Dali Paper
Directions:
Summarize the following article on Dali in 1 page.
Include and talk about this information in your summary (tell me what the article says)
Success Criteria:
Clear, big headlines
Neat, clean handwriting
All information on hand out is included.
Images are neatly cut out and glued into the process journal.
NO tape or staples. If an image is hanging off the page it will not count
Summarize the following article on Dali in 1 page.
Include and talk about this information in your summary (tell me what the article says)
- The Persistence of Memory
- paste in the image from your PJ next to the writing
- Basket of Bread
- paste in the image from your PJ next to the writing
- The Burning Giraffe
- paste in the image from your PJ next to the writing
- Autumn Cannibalism
- paste in the image from your PJ next to the writing
Success Criteria:
Clear, big headlines
Neat, clean handwriting
All information on hand out is included.
Images are neatly cut out and glued into the process journal.
NO tape or staples. If an image is hanging off the page it will not count
Salvador Dali:
Master of Illusion
Ants swarm over melting watches. Drawers pop out of human bodies. Crutches prop up eyelids and chins. What do these bizarre things mean? The answers are as fascinating as the colorful artist with the huge mustache who painted them: Salvador Dali.

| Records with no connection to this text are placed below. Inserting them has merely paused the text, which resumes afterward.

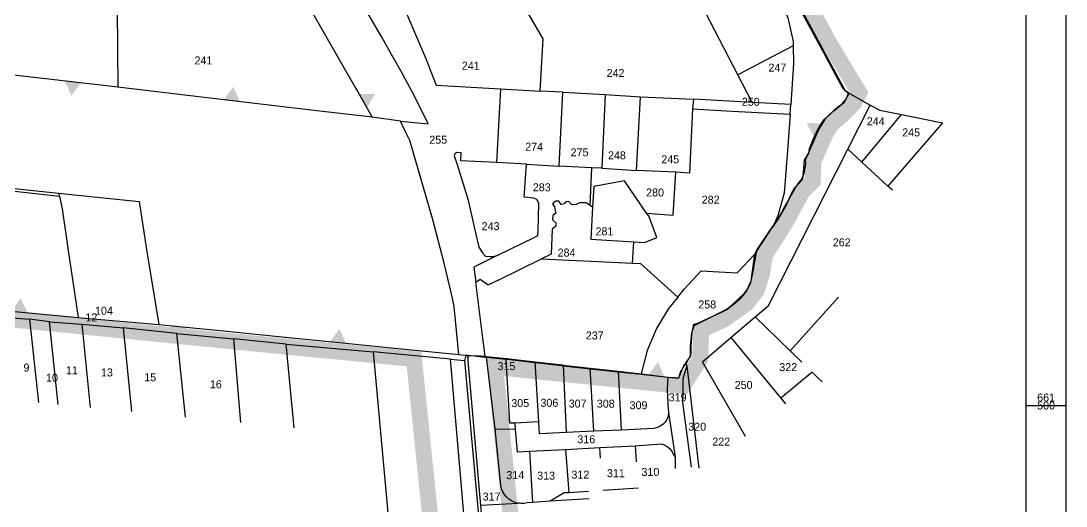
# Model space of a CAD drawing. Extents: x -493 to 187849, y -1657 to 664362.
# Drawn here: x 187196 to 187849, y 661437 to 661741 of the extents above; entities that cross this region are included whole.
import ezdxf
from ezdxf.enums import TextEntityAlignment as Align

# ---------------------------------------------------------------- set-up
doc = ezdxf.new("R2010")
doc.units = 0
doc.header["$MEASUREMENT"] = 0
doc.layers.get('0').update_dxf_attribs({"linetype": 'CONTINUOUS'})
for name, color, linetype in [('0DXF_GUSH', 3, 'CONTINUOUS'), ('0G_GV_LIN', 10, 'CONTINUOUS'), ('1DXF_GUSH', 3, 'CONTINUOUS'), ('BOUNDARY', 1, 'CONTINUOUS'), ('GBOUND_BOUNDARY', 5, 'CONTINUOUS'), ('TR_GILYON', 7, 'CONTINUOUS')]:
    doc.layers.add(name, color=color, linetype=linetype)
doc.styles.get("Standard").update_dxf_attribs({"font": 'dimheb.shx'})
doc.styles.add('TRHEBTXT', font='HEBTXT.SHX')

# ---------------------------------------------------------------- blocks, each defined once
blk = doc.blocks.new('TVC_FENCE')
blk.add_solid([(-0.5, 0), (0.5, 0), (0, 0.866)])

msp = doc.modelspace()

# ---------------------------------------------------------------- linework, layer by layer
at = {"layer": '0DXF_GUSH'}
for points in [[(187520.27, 661696.69), (187521.97, 661729.38), (187506.27, 661756.75), (187480.31, 661801.13)], [(187615.89, 661800.5), (187631.92, 661789.44), (187644.55, 661780.69), (187648.5, 661778.13), (187653.98, 661773.88), (187659.95, 661768.13), (187666.61, 661759.38), (187668.72, 661756.25), (187674.84, 661742.44), (187678.31, 661727.75), (187678.19, 661725)], [(187712.9, 661695.57), (187711.9, 661696.24), (187710.53, 661697.16), (187709.52, 661698.13), (187695.88, 661723.44), (187684.5, 661744.38), (187663.51, 661784.76)], [(187663.51, 661784.76), (187685.1, 661744.37), (187710.53, 661697.16), (187711.9, 661696.24), (187712.9, 661695.57)], [(187430.81, 661774.13), (187425.5, 661771.19), (187423.94, 661769.63), (187422.88, 661768), (187422.78, 661765.88), (187422.94, 661763.81), (187424.7, 661758.63), (187431.33, 661758.13), (187448.45, 661717.56), (187455.27, 661700.38), (187495.31, 661698.19)], [(187432.88, 661677.81), (187450.14, 661676.13), (187441.88, 661693.06), (187434, 661707.94), (187427.27, 661719.5), (187421.25, 661730.38), (187406.06, 661756.69), (187400.2, 661767.06)], [(187643.63, 661706.94), (187620.72, 661751), (187587.7, 661752.81), (187582.98, 661752.81)], [(187255.84, 661747.94), (187256.38, 661699.06)], [(187375.61, 661749.69), (187387.19, 661729.5), (187405, 661698.38), (187406.2, 661696.25), (187415.2, 661680.38)], [(187678.19, 661725), (187643.63, 661706.94)], [(187678.19, 661725), (187678.58, 661713.88), (187676.88, 661688.25)], [(187256.38, 661699.06), (187193.03, 661706.5), (187184.16, 661707.56)], [(187652.69, 661689.5), (187643.63, 661706.94)], [(187415.2, 661680.38), (187380.63, 661684.38), (187308.66, 661693), (187256.38, 661699.06)], [(187495.31, 661698.19), (187492.86, 661652)], [(187495.31, 661698.19), (187520.27, 661696.69)], [(187534.38, 661696.06), (187520.27, 661696.69)], [(187532.02, 661649.81), (187534.38, 661696.06)], [(187534.38, 661696.06), (187560.88, 661694.56)], [(187560.88, 661694.56), (187558.63, 661648.38)], [(187560.88, 661694.56), (187582.89, 661693.19)], [(187580.42, 661647.06), (187582.89, 661693.19)], [(187582.89, 661693.19), (187615.94, 661691.56)], [(187711.63, 661692.23), (187712.9, 661695.57)], [(187711.63, 661692.23), (187713.31, 661695.35), (187712.9, 661695.57)], [(187712.9, 661695.57), (187713.31, 661695.35), (187726.42, 661687.99)], [(187615.94, 661691.56), (187615.44, 661685.63)], [(187652.69, 661689.5), (187615.94, 661691.56)], [(187676.88, 661688.25), (187652.69, 661689.5)], [(187676.38, 661682.31), (187676.88, 661688.25)], [(187688.22, 661658.83), (187690.86, 661664.62), (187693.82, 661671.94), (187698.03, 661678.82), (187698.62, 661679.78), (187700.19, 661681.16), (187703.79, 661684.67), (187706.08, 661686.88)], [(187688.22, 661658.83), (187688.53, 661660.88), (187689.56, 661663.25), (187690.92, 661666.88), (187692.66, 661670.5), (187694.44, 661674.06), (187698.03, 661678.82), (187698.62, 661679.78), (187700.19, 661681.16), (187703.79, 661684.67), (187706.08, 661686.88)], [(187706.08, 661686.88), (187708.75, 661688.53)], [(187706.08, 661686.88), (187708.75, 661688.53)], [(187708.75, 661688.53), (187711.19, 661691.4)], [(187708.75, 661688.53), (187710.11, 661689.38), (187711.19, 661691.4)], [(187711.19, 661691.4), (187711.63, 661692.23)], [(187711.19, 661691.4), (187711.63, 661692.23)], [(187712.36, 661660.4), (187726.42, 661687.99)], [(187726.42, 661687.99), (187732.34, 661684.81), (187745.95, 661681.99)], [(187432.88, 661677.81), (187415.2, 661680.38)], [(187615.44, 661685.63), (187613.58, 661645.38), (187604.98, 661645.88)], [(187615.44, 661685.63), (187640.2, 661684.19), (187676.38, 661682.31)], [(187676.38, 661682.31), (187674.75, 661659.63), (187672.61, 661632.75), (187668.78, 661618.69), (187665.5, 661611.6)], [(187721.25, 661652.21), (187745.95, 661681.99)], [(187745.95, 661681.99), (187771.6, 661676.82)], [(187469.39, 661532), (187466.44, 661561.94), (187465.39, 661567.06), (187460.11, 661589.06), (187452.86, 661616.94), (187445.91, 661641.38), (187438.67, 661665.88), (187435.84, 661671.69), (187432.88, 661677.81)], [(187771.6, 661676.82), (187737.43, 661637.31)], [(187654.57, 661555.45), (187662.95, 661562.61), (187712.36, 661660.4)], [(187721.25, 661652.21), (187712.36, 661660.4)], [(187492.86, 661652), (187470.63, 661653.06), (187470.88, 661658.06), (187468.13, 661658.19), (187466.86, 661657.38), (187466.36, 661656.13), (187468.34, 661650.69), (187475.16, 661628.38), (187479.22, 661610.69), (187481.92, 661599), (187484.11, 661595.5), (187486.09, 661593.5), (187489.14, 661593.25), (187491.19, 661593.31), (187493.78, 661594.06)], [(187684.56, 661643.68), (187685.21, 661645.13), (187686.15, 661650.88), (187686.05, 661653.7), (187687.12, 661656.28)], [(187684.56, 661643.68), (187685.39, 661653.56), (187687.12, 661656.28)], [(187687.12, 661656.28), (187688.06, 661657.75)], [(187687.12, 661656.28), (187688.06, 661657.75)], [(187688.06, 661657.75), (187688.22, 661658.83)], [(187688.06, 661657.75), (187688.22, 661658.83)], [(187048.5, 661651.06), (187094.81, 661646.06), (187116.98, 661643.69), (187143.42, 661640.88), (187197.47, 661635.13), (187219.28, 661632.94)], [(187511.64, 661651), (187492.86, 661652)], [(187493.78, 661594.06), (187516.44, 661605.19), (187518.69, 661606.44), (187519.03, 661609.06), (187519.38, 661626.63), (187518.2, 661628.88), (187516.17, 661629.81), (187510.28, 661630.25), (187511.64, 661651)], [(187511.64, 661651), (187532.02, 661649.81)], [(187552.44, 661648.69), (187532.02, 661649.81)], [(187551.42, 661625.13), (187552.44, 661648.69)], [(187558.63, 661648.38), (187552.44, 661648.69)], [(187558.63, 661648.38), (187580.42, 661647.06)], [(187604.98, 661645.88), (187580.42, 661647.06)], [(187737.43, 661637.31), (187721.25, 661652.21)], [(187586.7, 661620.25), (187572.98, 661640.5), (187553.81, 661637), (187552.88, 661624.13)], [(187586.7, 661620.25), (187603.25, 661619.13), (187604.98, 661645.88)], [(187681.97, 661639.19), (187683.92, 661641.34), (187684.09, 661641.96), (187684.56, 661643.68)], [(187681.97, 661639.19), (187683.92, 661641.34), (187684.09, 661641.96), (187684.56, 661643.68)], [(187219.88, 661630.81), (187191.84, 661633.81), (187147.11, 661638.5)], [(187675.57, 661628.83), (187677.36, 661632.61), (187677.72, 661633.36), (187679.28, 661636.31)], [(187675.57, 661628.83), (187677.36, 661632.61), (187677.72, 661633.36), (187679.28, 661636.31)], [(187679.28, 661636.31), (187680.97, 661638.12)], [(187679.28, 661636.31), (187680.97, 661638.12)], [(187680.97, 661638.12), (187681.97, 661639.19)], [(187680.97, 661638.12), (187681.97, 661639.19)], [(187740.27, 661634.7), (187737.43, 661637.31)], [(187219.28, 661632.94), (187219.88, 661630.81)], [(187219.28, 661632.94), (187269.61, 661627.69), (187274.31, 661597.63), (187281.83, 661550.63)], [(187219.88, 661630.81), (187221.45, 661623), (187225.36, 661597.06), (187231.44, 661555.06)], [(187551.42, 661625.13), (187548.91, 661626.69), (187544.84, 661626.81), (187542.7, 661625.69), (187540.06, 661625.63), (187538.16, 661627.69), (187536.22, 661627.44), (187535.25, 661626.13), (187533.31, 661625.75), (187531.92, 661627.75), (187529.88, 661627.75), (187527.98, 661626.25), (187529.08, 661624.19), (187529.66, 661622.06), (187530.05, 661620.31), (187528.19, 661618.94), (187527.83, 661616.25), (187529.88, 661614.25), (187529.89, 661612.25), (187527.75, 661610.38), (187527.11, 661594.75), (187521.02, 661591.81)], [(187668.06, 661615.33), (187668.35, 661615.85), (187670.32, 661619.38), (187673.16, 661624.49), (187675.57, 661628.83)], [(187668.06, 661615.33), (187668.35, 661615.85), (187670.32, 661619.38), (187673.16, 661624.49), (187675.57, 661628.83)], [(187552.88, 661624.13), (187551.42, 661625.13)], [(187552.88, 661624.13), (187551.83, 661604), (187578.8, 661602.38)], [(187578.8, 661602.38), (187585.41, 661601.88), (187593.11, 661605.19), (187588.02, 661618.69), (187586.7, 661620.25)], [(187637.8, 661560.89), (187638.12, 661561.16), (187638.58, 661561.55), (187639.46, 661562.35), (187639.89, 661562.76), (187640.33, 661563.17), (187640.77, 661563.58), (187641.48, 661563.69), (187641.95, 661564.07), (187642.41, 661564.45), (187642.87, 661564.83), (187643.33, 661565.22), (187643.78, 661565.61), (187644.24, 661566.01), (187644.69, 661566.4), (187645.13, 661566.8), (187645.51, 661567.15), (187645.92, 661567.59), (187646.31, 661568.04), (187646.71, 661568.49), (187646.84, 661569.22), (187647.28, 661569.63), (187647.88, 661570.19), (187648.43, 661570.95), (187648.79, 661571.43), (187649.37, 661572.22), (187649.83, 661572.86), (187650.81, 661575.24), (187651.53, 661577), (187651.93, 661577.94), (187652.79, 661583.8), (187655.33, 661595.47), (187655.6, 661596.46), (187662.08, 661606.47), (187663.71, 661608.99), (187664.97, 661610.94), (187665.5, 661611.6), (187667.65, 661614.76), (187668.06, 661615.33)], [(187665.5, 661611.6), (187667.65, 661614.76), (187668.06, 661615.33)], [(187654.31, 661594.75), (187655.5, 661597.19), (187662.08, 661606.47), (187663.71, 661608.99), (187664.97, 661610.94), (187665.5, 661611.6)], [(187577.98, 661589.13), (187578.8, 661602.38)], [(187606.13, 661567.88), (187610.08, 661572.81), (187620.8, 661584.19), (187643.34, 661582.94), (187654.31, 661594.75)], [(187637.8, 661560.89), (187638.12, 661561.16), (187638.58, 661561.55), (187639.46, 661562.35), (187639.89, 661562.76), (187640.33, 661563.17), (187640.77, 661563.58), (187646.84, 661569.22), (187647.28, 661569.63), (187647.88, 661570.19), (187648.43, 661570.95), (187648.79, 661571.43), (187649.37, 661572.22), (187649.83, 661572.86), (187650.81, 661575.24), (187651.53, 661577), (187651.93, 661577.94), (187652.79, 661583.8), (187654.31, 661594.75)], [(187493.78, 661594.06), (187478.73, 661586.56), (187479.92, 661577.19)], [(187479.92, 661577.19), (187482.66, 661579.06), (187487.63, 661575.44), (187494.3, 661578.56), (187521.02, 661591.81)], [(187521.02, 661591.81), (187577.98, 661589.13)], [(187577.98, 661589.13), (187582.92, 661588.75), (187606.13, 661567.88)], [(187485.72, 661530.85), (187483.98, 661545.38), (187479.92, 661577.19)], [(187158.64, 661562), (187231.44, 661555.06)], [(187606.13, 661567.88), (187600.45, 661560.75), (187592.92, 661548.19), (187587.03, 661534.44), (187583.2, 661519.77)], [(187676.32, 661534.29), (187706.68, 661567.86)], [(187615.19, 661545.95), (187616.11, 661550.88), (187618.88, 661551.22), (187627.98, 661555.83)], [(187615.19, 661545.95), (187616.49, 661550.02), (187618.88, 661551.22), (187627.98, 661555.83)], [(187627.98, 661555.83), (187632.9, 661558.28), (187636.77, 661560.21), (187637.37, 661560.51), (187637.8, 661560.89)], [(187627.98, 661555.83), (187632.9, 661558.28), (187636.77, 661560.21), (187637.37, 661560.51), (187637.8, 661560.89)], [(187639.4, 661542.48), (187654.57, 661555.45)], [(187654.57, 661555.45), (187676.32, 661534.29)], [(187188.03, 661555.06), (187201.2, 661554)], [(187213.64, 661552.44), (187201.2, 661554)], [(187201.2, 661554), (187206.81, 661501.92)], [(187213.64, 661552.44), (187233.86, 661550.88)], [(187218.94, 661500.71), (187213.64, 661552.44)], [(187231.44, 661555.06), (187233.64, 661554.88), (187281.83, 661550.63)], [(187233.86, 661550.88), (187259.59, 661548.5)], [(187233.86, 661550.88), (187239, 661498.72)], [(187281.83, 661550.63), (187322.36, 661546.69), (187354.89, 661543.44), (187398.59, 661538.94), (187431.41, 661535.69), (187469.39, 661532)], [(187293.27, 661545.13), (187259.59, 661548.5)], [(187259.59, 661548.5), (187264.8, 661496.15)], [(187293.27, 661545.13), (187328.59, 661541.69)], [(187298.59, 661492.79), (187293.27, 661545.13)], [(187614.45, 661537.06), (187615.1, 661545.33), (187615.19, 661545.95)], [(187614.45, 661537.06), (187615.1, 661545.33), (187615.19, 661545.95)], [(187648.55, 661480.66), (187621.66, 661527.31), (187639.4, 661542.48)], [(187639.4, 661542.48), (187670.61, 661504.68)], [(187361.44, 661538.31), (187328.59, 661541.69)], [(187328.59, 661541.69), (187333.05, 661489.37)], [(187361.44, 661538.31), (187415.92, 661533.5)], [(187366.51, 661486.11), (187361.44, 661538.31)], [(187614.07, 661530.92), (187614.21, 661533.09), (187614.45, 661537.06)], [(187614.07, 661530.92), (187614.21, 661533.09), (187614.45, 661537.06)], [(187464.16, 661529), (187415.92, 661533.5)], [(187415.92, 661533.5), (187448.78, 661171.75)], [(187469.39, 661532), (187473.73, 661531.56)], [(187473.73, 661531.56), (187472.84, 661528.19)], [(187473.73, 661531.56), (187475.1, 661531.42), (187476.93, 661531.23)], [(187483.16, 661437.49), (187475.23, 661527.96), (187475.1, 661531.42), (187476.93, 661531.23)], [(187476.93, 661531.23), (187485.78, 661530.31)], [(187476.93, 661531.23), (187483.1, 661531.15), (187485.72, 661530.85)], [(187485.72, 661530.85), (187486.54, 661530.75)], [(187485.78, 661530.31), (187485.72, 661530.85)], [(187485.78, 661530.31), (187486.6, 661530.23)], [(187486.6, 661530.23), (187486.54, 661530.75)], [(187486.54, 661530.75), (187499.12, 661529.33)], [(187486.6, 661530.23), (187498.86, 661528.94)], [(187492.02, 661485.1), (187486.6, 661530.23)], [(187498.86, 661528.94), (187499.12, 661529.33)], [(187499.12, 661529.33), (187516.97, 661527.3)], [(187608.94, 661522.62), (187609.6, 661523.74), (187610.17, 661524.71), (187611.36, 661526.92), (187613.11, 661529.29)], [(187611.36, 661526.92), (187613.11, 661529.29)], [(187613.11, 661529.29), (187614.07, 661530.92)], [(187613.11, 661529.29), (187614.07, 661530.92)], [(187676.32, 661534.29), (187683.73, 661527.08)], [(187464.16, 661529), (187472.84, 661528.19)], [(187485, 661287.25), (187464.16, 661529)], [(187472.84, 661528.19), (187494.47, 661287.75)], [(187498.86, 661528.94), (187516.97, 661527.3)], [(187504.3, 661489.02), (187501.19, 661488.85), (187498.86, 661528.94)], [(187516.97, 661527.3), (187533.86, 661525.38), (187534.54, 661525.3)], [(187519.34, 661489.87), (187516.97, 661527.3)], [(187516.97, 661527.3), (187533.86, 661525.38), (187534.54, 661525.3)], [(187534.54, 661525.3), (187551.33, 661523.39)], [(187534.54, 661525.3), (187551.33, 661523.39)], [(187534.54, 661525.3), (187536.46, 661483.08)], [(187551.33, 661523.39), (187568.84, 661521.4)], [(187551.33, 661523.39), (187568.84, 661521.4)], [(187553.75, 661483.86), (187551.33, 661523.39)], [(187608.94, 661522.62), (187609.6, 661523.74), (187610.17, 661524.71), (187611.36, 661526.92)], [(187611.88, 661524.86), (187609.32, 661516.59), (187609.27, 661509.59), (187609.22, 661501.95), (187614.46, 661461.33)], [(187611.88, 661524.86), (187611.36, 661526.92)], [(187611.88, 661524.86), (187619.33, 661460.84)], [(187568.84, 661521.4), (187583.2, 661519.77)], [(187568.84, 661521.4), (187583.2, 661519.77)], [(187568.84, 661521.4), (187570.79, 661484.62)], [(187583.2, 661519.77), (187583.6, 661519.72), (187599.93, 661517.8)], [(187583.2, 661519.77), (187583.6, 661519.72), (187599.93, 661517.8)], [(187599.93, 661517.8), (187599.51, 661510.31), (187600.02, 661500.75), (187600.3, 661495.66)], [(187599.93, 661517.8), (187604.46, 661517.5), (187606.79, 661517.34)], [(187599.93, 661517.8), (187604.46, 661517.5), (187606.79, 661517.34)], [(187606.79, 661517.34), (187607.05, 661517.98)], [(187606.79, 661517.34), (187607.05, 661517.98)], [(187607.05, 661517.98), (187607.65, 661519.45), (187608.37, 661521.21), (187608.94, 661522.62)], [(187607.05, 661517.98), (187607.65, 661519.45), (187608.37, 661521.21), (187608.94, 661522.62)], [(187690.07, 661520.91), (187670.61, 661504.68)], [(187690.07, 661520.91), (187693.56, 661517.51)], [(187693.56, 661517.51), (187696.39, 661514.76)], [(187670.61, 661504.68), (187673.54, 661501.14)], [(187600.3, 661495.66), (187600.24, 661493.09), (187599.41, 661491.27), (187598.28, 661489.62), (187596.89, 661488.19), (187595.27, 661487.02), (187593.47, 661486.15), (187591.29, 661485.55), (187570.79, 661484.62)], [(187600.3, 661495.66), (187604.44, 661467.62)], [(187504.66, 661485), (187492.02, 661485.1)], [(187507.32, 661438.84), (187506.66, 661438.8), (187506.13, 661438.77), (187504.2, 661439.55), (187502.38, 661440.37), (187500.7, 661441.46), (187499.21, 661442.79), (187497.92, 661444.32), (187496.88, 661446.02), (187496.1, 661447.86), (187495.55, 661450.06), (187492.02, 661485.1)], [(187519.34, 661489.87), (187504.3, 661489.02)], [(187504.3, 661489.02), (187504.66, 661485)], [(187504.66, 661485), (187505.91, 661470.98), (187513.54, 661471.38)], [(187536.46, 661483.08), (187519.78, 661482.33), (187519.34, 661489.87)], [(187553.75, 661483.86), (187536.46, 661483.08)], [(187570.79, 661484.62), (187553.75, 661483.86)], [(187513.54, 661471.38), (187535.98, 661472.55)], [(187513.54, 661471.38), (187515.38, 661439.32)], [(187535.98, 661472.55), (187557.37, 661473.67)], [(187535.98, 661472.55), (187538.04, 661445.46)], [(187557.37, 661473.67), (187579.47, 661474.83)], [(187557.88, 661467.09), (187557.37, 661473.67)], [(187579.47, 661474.83), (187595.82, 661475.96), (187597.72, 661475.34), (187599.47, 661474.37), (187601, 661473.1), (187602.28, 661471.56), (187603.25, 661469.82), (187604.44, 661467.62)], [(187579.47, 661474.83), (187580.24, 661464.81)], [(187604.44, 661467.62), (187604.52, 661460.61)], [(187538.04, 661445.46), (187535.28, 661445.27), (187526.41, 661440.05)], [(187550.38, 661446.27), (187538.04, 661445.46)], [(187581.52, 661448.33), (187559.46, 661446.87)], [(187507.32, 661438.84), (187506.66, 661438.8), (187506.13, 661438.77), (187483.16, 661437.49)], [(187515.38, 661439.32), (187512.07, 661439.1), (187510.1, 661438.77), (187508.1, 661438.74), (187507.32, 661438.84)], [(187526.41, 661440.05), (187515.38, 661439.32)], [(187550.86, 661441.66), (187526.41, 661440.05)], [(187506.81, 661162.94), (187506.93, 661166.11), (187483.16, 661437.49)]]:
    msp.add_lwpolyline(points, dxfattribs=at)
at = {"layer": '0G_GV_LIN'}
for points in [[(187622.17, 662145.99), (187628.17, 662106.97), (187634.4, 662066.34), (187640.52, 662025.59), (187641.44, 662018.55), (187641.79, 662015.6), (187642.36, 662005.45), (187642.93, 661991), (187643.09, 661986.69), (187643.7, 661966.99), (187644.29, 661941.12), (187644.67, 661930.27), (187644.75, 661927.57), (187644.81, 661925.38), (187645.54, 661904.08), (187647.23, 661848.37), (187647.91, 661823.47), (187647.81, 661813.75), (187663.51, 661784.76), (187685.1, 661744.37), (187710.62, 661697.25), (187712.9, 661695.57)], [(187712.84, 661695.4), (187711.73, 661696), (187709.52, 661698.13), (187695.88, 661723.44), (187684.5, 661744.38), (187663.33, 661784.44), (187647.47, 661813.69), (187646.23, 661851.75), (187644.83, 661903.31)], [(187301.88, 661878.88), (187315.83, 661854), (187325.38, 661837.38), (187333.3, 661823.56), (187348.86, 661796.38), (187356.52, 661783), (187362.3, 661772.94), (187375.61, 661749.69), (187387.19, 661729.5), (187405, 661698.38), (187406.2, 661696.25), (187415.2, 661680.38), (187380.63, 661684.38), (187308.66, 661693), (187256.38, 661699.06), (187193.03, 661706.5), (187184.16, 661707.56), (187142.94, 661712.5), (187097.91, 661717.94), (187041.09, 661724.63)], [(187711.63, 661692.23), (187713.22, 661695.19), (187712.84, 661695.4)], [(187711.63, 661692.23), (187712.84, 661695.4)], [(187712.84, 661695.4), (187712.9, 661695.57)], [(187712.9, 661695.57), (187726.42, 661687.99), (187732.34, 661684.81), (187745.95, 661681.99), (187766.6, 661677.83)], [(187688.22, 661658.83), (187690.86, 661664.62), (187693.82, 661671.94), (187698.69, 661679.7), (187703.92, 661684.54), (187706.36, 661686.71), (187708.67, 661688.43), (187708.75, 661688.53)], [(187688.22, 661658.83), (187688.53, 661660.88), (187689.56, 661663.25), (187690.92, 661666.88), (187692.66, 661670.5), (187694.44, 661674.06), (187697.73, 661679), (187700.17, 661681.19), (187706.08, 661686.88), (187708.75, 661688.53)], [(187708.75, 661688.53), (187710.11, 661689.38), (187711.19, 661691.4)], [(187708.75, 661688.53), (187711.19, 661691.4)], [(187711.19, 661691.4), (187711.42, 661691.67), (187711.63, 661692.23)], [(187711.19, 661691.4), (187711.63, 661692.23)], [(187684.56, 661643.68), (187685.21, 661645.13), (187686.15, 661650.88), (187686.05, 661653.7), (187687.12, 661656.28)], [(187684.56, 661643.68), (187685.39, 661653.56), (187687.12, 661656.28)], [(187687.12, 661656.28), (187688.06, 661657.75), (187688.22, 661658.83)], [(187687.12, 661656.28), (187687.71, 661657.71), (187688.22, 661658.83)], [(187680.97, 661638.12), (187681.97, 661639.19), (187684.41, 661641.88), (187684.56, 661643.68)], [(187680.97, 661638.12), (187681.66, 661639.11), (187683.63, 661641.6), (187684.56, 661643.68)], [(187675.57, 661628.83), (187678.01, 661633.2), (187679.49, 661635.98), (187680.97, 661638.12)], [(187675.57, 661628.83), (187677.33, 661632.63), (187679.28, 661636.31), (187680.97, 661638.12)], [(187668.06, 661615.33), (187668.42, 661615.81), (187670.55, 661619.25), (187673.48, 661624.31), (187675.57, 661628.83)], [(187668.06, 661615.33), (187675.57, 661628.83)], [(187637.8, 661560.89), (187637.82, 661560.9), (187637.98, 661561.02), (187638.15, 661561.14), (187638.31, 661561.25), (187638.47, 661561.37), (187638.63, 661561.49), (187638.79, 661561.61), (187638.95, 661561.73), (187639.11, 661561.85), (187639.27, 661561.97), (187639.43, 661562.09), (187639.59, 661562.21), (187639.75, 661562.33), (187639.91, 661562.45), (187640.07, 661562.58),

Dali is on the best known and most successful artists of the 20th century. His work helped turn Surrealism into an important artistic and literary movement. Always controversial, Dali was attacked by his critics as a self-promoter obsessed with money and fame. To his admirers, Dali’s art with its symbols and optical illusions was innovative and brilliant. Dali’s art struck a nerve. It made people cringe; it made them laugh. But it also made them think.
Salvador Dali was born in 1904 to well-to-do parents in a small town in northern Spain. He was drawn to art early on. In high school, Dali had his first exhibition, which was met with local acclaim. The praise didn’t surprise the artist, who predicted in his diary: “I’ll be a great genius.”
Dali’s first recognition came with his 1928 painting, Basket of Bread. It shows the highly realistic style Dali would soon use to make his Surrealist paintings. The work’s intensity stems from the placement of the basket against a deep black background. Careful modeling (gradation of light and dark) makes the bread seem to glow. Cast shadows, highlights and perspective (a way to represent three-dimensions on a flat surface) create a sense of deep space. The painting is so detailed and luminous it seems more real than a photo.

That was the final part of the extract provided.